| Dataset records |
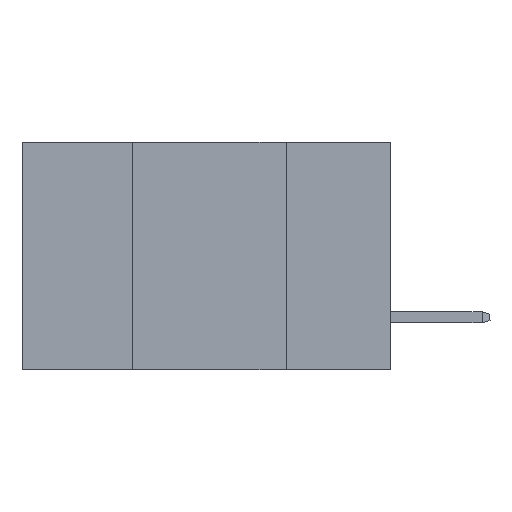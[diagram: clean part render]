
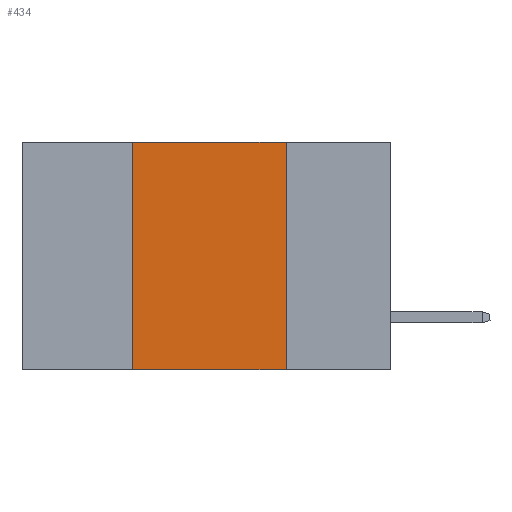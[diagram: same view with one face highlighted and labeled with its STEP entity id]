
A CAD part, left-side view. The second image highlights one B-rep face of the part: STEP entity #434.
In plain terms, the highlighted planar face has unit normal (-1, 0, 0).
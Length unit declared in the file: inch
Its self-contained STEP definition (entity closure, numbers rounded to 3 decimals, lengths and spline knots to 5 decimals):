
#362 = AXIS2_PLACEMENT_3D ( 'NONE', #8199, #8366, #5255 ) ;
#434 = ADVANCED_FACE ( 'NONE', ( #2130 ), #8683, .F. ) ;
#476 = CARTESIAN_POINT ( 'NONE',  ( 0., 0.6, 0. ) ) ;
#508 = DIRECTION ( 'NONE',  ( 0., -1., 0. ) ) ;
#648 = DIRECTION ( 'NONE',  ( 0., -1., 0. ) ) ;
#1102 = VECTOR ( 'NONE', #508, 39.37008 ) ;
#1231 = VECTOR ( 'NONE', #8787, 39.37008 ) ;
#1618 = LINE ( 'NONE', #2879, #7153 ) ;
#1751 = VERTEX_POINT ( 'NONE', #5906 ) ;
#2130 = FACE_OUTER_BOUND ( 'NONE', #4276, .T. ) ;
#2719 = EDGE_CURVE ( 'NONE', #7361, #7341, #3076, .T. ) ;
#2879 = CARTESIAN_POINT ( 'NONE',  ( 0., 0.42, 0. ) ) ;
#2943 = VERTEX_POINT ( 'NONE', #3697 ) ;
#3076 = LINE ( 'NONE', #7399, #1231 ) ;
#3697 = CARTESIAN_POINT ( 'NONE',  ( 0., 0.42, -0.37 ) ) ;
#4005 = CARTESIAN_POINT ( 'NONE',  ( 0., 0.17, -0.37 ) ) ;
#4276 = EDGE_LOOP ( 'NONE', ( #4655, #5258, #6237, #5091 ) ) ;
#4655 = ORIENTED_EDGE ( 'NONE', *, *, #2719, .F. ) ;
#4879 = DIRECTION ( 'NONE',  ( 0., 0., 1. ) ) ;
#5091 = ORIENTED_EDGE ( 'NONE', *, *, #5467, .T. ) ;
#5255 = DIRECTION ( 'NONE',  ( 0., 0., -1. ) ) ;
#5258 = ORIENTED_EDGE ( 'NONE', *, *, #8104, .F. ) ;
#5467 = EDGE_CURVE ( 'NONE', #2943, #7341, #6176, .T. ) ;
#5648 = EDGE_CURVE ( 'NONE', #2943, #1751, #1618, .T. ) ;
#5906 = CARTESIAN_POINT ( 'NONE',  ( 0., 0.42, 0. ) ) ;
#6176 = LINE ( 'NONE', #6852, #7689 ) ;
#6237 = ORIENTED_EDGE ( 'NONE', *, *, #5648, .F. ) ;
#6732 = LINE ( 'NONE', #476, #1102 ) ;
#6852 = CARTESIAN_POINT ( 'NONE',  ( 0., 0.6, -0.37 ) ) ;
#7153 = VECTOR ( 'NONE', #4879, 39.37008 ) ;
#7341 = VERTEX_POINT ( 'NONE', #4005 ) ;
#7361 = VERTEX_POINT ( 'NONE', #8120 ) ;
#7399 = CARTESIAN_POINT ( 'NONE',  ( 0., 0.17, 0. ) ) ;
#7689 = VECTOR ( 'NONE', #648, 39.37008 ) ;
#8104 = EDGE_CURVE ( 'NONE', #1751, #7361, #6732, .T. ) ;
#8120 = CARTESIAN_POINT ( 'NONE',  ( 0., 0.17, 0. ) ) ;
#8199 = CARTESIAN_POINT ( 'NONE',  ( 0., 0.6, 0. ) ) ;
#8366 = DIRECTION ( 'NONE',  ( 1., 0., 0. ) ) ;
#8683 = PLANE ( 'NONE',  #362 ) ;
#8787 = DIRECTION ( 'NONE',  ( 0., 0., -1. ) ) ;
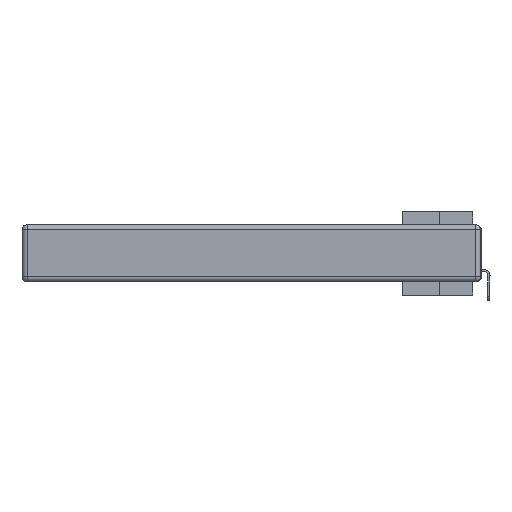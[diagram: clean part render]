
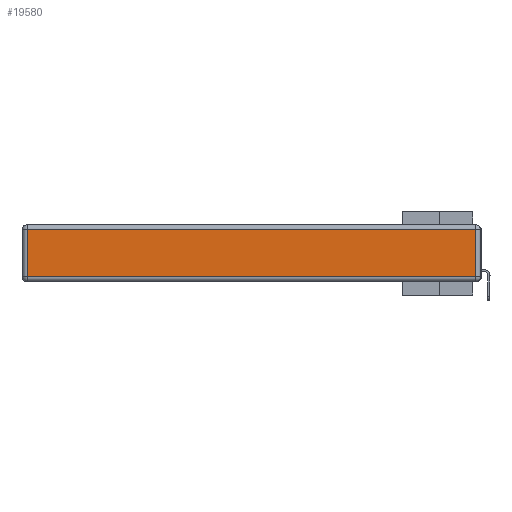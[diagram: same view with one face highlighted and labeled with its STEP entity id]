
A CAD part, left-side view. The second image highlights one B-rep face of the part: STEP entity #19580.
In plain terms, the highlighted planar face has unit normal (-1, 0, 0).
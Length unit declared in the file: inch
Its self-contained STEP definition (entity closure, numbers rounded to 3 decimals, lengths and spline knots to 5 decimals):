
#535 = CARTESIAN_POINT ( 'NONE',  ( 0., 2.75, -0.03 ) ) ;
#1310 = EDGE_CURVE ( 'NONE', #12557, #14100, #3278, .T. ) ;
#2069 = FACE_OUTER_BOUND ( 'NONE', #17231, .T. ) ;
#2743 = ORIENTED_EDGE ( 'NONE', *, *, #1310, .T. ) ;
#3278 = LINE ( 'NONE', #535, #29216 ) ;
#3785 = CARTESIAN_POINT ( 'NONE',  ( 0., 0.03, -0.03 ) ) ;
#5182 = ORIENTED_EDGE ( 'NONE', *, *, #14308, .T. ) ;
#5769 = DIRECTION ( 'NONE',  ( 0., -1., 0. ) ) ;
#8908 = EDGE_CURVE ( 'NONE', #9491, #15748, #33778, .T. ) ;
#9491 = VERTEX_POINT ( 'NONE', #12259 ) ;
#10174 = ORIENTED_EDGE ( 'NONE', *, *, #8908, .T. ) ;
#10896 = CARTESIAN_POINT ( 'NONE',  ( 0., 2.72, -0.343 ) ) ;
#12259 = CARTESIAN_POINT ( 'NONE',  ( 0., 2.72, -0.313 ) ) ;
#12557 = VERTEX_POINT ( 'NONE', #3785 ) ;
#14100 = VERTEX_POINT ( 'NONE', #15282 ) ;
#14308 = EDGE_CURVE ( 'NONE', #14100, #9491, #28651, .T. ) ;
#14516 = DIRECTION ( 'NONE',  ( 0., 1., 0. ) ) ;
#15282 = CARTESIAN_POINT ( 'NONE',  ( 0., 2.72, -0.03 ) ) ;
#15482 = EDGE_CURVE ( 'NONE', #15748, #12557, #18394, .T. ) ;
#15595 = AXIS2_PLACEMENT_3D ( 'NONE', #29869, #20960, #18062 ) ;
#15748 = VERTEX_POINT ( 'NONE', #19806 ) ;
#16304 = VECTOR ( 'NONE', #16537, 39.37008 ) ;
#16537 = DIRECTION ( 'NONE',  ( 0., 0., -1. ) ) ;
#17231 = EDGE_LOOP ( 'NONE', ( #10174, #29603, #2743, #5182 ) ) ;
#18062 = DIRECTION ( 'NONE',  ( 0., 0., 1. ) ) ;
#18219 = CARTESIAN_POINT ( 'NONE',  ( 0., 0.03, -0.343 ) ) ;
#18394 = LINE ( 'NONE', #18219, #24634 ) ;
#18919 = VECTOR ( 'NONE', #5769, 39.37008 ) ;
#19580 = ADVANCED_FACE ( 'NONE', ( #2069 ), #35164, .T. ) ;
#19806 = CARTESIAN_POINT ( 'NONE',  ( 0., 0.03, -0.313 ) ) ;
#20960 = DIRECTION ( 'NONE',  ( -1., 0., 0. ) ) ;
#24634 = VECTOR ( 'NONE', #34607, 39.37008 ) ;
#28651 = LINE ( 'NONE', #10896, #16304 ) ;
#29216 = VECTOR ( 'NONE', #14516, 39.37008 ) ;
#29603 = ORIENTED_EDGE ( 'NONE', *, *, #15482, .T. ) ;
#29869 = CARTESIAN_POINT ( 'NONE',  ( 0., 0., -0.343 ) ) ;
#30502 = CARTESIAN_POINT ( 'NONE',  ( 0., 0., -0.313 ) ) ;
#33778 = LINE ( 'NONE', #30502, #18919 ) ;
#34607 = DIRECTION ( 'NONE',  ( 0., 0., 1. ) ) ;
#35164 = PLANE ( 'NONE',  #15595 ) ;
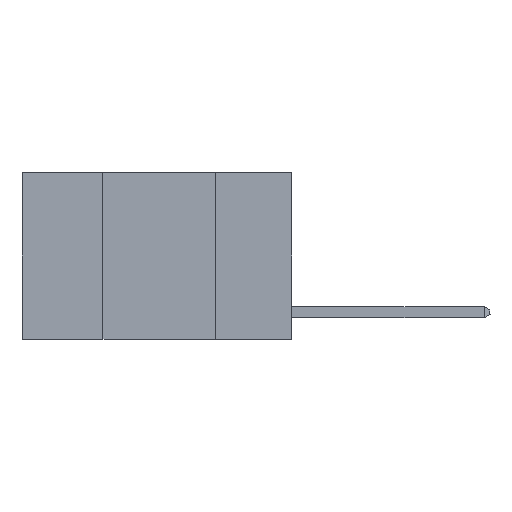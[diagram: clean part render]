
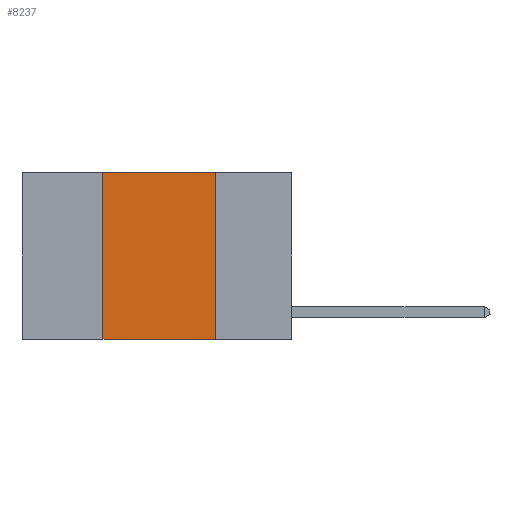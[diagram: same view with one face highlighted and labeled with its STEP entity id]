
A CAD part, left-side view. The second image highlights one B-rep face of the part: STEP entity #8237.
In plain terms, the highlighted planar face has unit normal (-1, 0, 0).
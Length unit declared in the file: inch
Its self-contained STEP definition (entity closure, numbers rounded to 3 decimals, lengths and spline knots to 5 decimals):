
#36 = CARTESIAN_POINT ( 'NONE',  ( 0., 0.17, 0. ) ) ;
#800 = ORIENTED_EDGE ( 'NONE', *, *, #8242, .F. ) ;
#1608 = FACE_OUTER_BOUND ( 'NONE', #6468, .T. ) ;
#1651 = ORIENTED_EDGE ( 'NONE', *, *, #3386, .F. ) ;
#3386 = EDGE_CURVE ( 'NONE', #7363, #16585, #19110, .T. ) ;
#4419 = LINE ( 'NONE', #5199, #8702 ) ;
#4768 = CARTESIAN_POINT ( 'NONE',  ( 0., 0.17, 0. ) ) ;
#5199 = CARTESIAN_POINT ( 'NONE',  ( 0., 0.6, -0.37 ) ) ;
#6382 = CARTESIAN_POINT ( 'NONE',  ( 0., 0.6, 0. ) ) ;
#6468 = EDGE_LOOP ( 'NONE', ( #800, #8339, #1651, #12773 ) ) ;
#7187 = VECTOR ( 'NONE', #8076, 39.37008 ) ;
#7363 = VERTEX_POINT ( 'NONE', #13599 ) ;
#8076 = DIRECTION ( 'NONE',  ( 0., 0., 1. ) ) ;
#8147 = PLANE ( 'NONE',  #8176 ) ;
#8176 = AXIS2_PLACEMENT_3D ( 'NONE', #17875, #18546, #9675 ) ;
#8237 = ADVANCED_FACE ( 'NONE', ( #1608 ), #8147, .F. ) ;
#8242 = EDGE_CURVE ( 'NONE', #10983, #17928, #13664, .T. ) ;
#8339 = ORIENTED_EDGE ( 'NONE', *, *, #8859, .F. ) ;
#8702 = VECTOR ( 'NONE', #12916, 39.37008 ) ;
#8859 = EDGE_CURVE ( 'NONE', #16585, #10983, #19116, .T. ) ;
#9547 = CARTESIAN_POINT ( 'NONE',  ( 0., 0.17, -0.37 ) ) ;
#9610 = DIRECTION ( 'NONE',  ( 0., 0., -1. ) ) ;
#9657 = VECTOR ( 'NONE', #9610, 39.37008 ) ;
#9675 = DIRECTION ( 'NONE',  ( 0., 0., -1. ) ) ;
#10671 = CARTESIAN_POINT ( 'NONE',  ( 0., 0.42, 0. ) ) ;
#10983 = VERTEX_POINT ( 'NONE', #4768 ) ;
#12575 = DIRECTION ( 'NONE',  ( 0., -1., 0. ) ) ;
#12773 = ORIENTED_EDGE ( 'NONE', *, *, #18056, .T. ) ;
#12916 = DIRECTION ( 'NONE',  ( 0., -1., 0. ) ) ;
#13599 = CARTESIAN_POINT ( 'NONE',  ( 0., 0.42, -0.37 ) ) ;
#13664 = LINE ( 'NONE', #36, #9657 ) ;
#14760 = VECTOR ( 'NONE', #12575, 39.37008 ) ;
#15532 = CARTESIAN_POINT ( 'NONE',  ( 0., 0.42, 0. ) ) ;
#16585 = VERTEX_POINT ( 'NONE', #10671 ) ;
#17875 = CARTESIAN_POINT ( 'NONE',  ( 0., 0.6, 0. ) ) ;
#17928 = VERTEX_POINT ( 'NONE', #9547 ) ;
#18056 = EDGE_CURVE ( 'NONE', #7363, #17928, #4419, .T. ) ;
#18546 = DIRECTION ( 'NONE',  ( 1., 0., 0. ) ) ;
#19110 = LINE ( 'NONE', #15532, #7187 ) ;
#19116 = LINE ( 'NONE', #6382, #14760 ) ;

| TASK PROMPT |
From the records above, transcribe exactly the run of lines that opens with the line holding "#8176 = AXIS2_PLACEMENT_3D" and closes with the line holding "#8859 = EDGE_CURVE", both included.

| FINAL ANSWER |
#8176 = AXIS2_PLACEMENT_3D ( 'NONE', #17875, #18546, #9675 ) ;
#8237 = ADVANCED_FACE ( 'NONE', ( #1608 ), #8147, .F. ) ;
#8242 = EDGE_CURVE ( 'NONE', #10983, #17928, #13664, .T. ) ;
#8339 = ORIENTED_EDGE ( 'NONE', *, *, #8859, .F. ) ;
#8702 = VECTOR ( 'NONE', #12916, 39.37008 ) ;
#8859 = EDGE_CURVE ( 'NONE', #16585, #10983, #19116, .T. ) ;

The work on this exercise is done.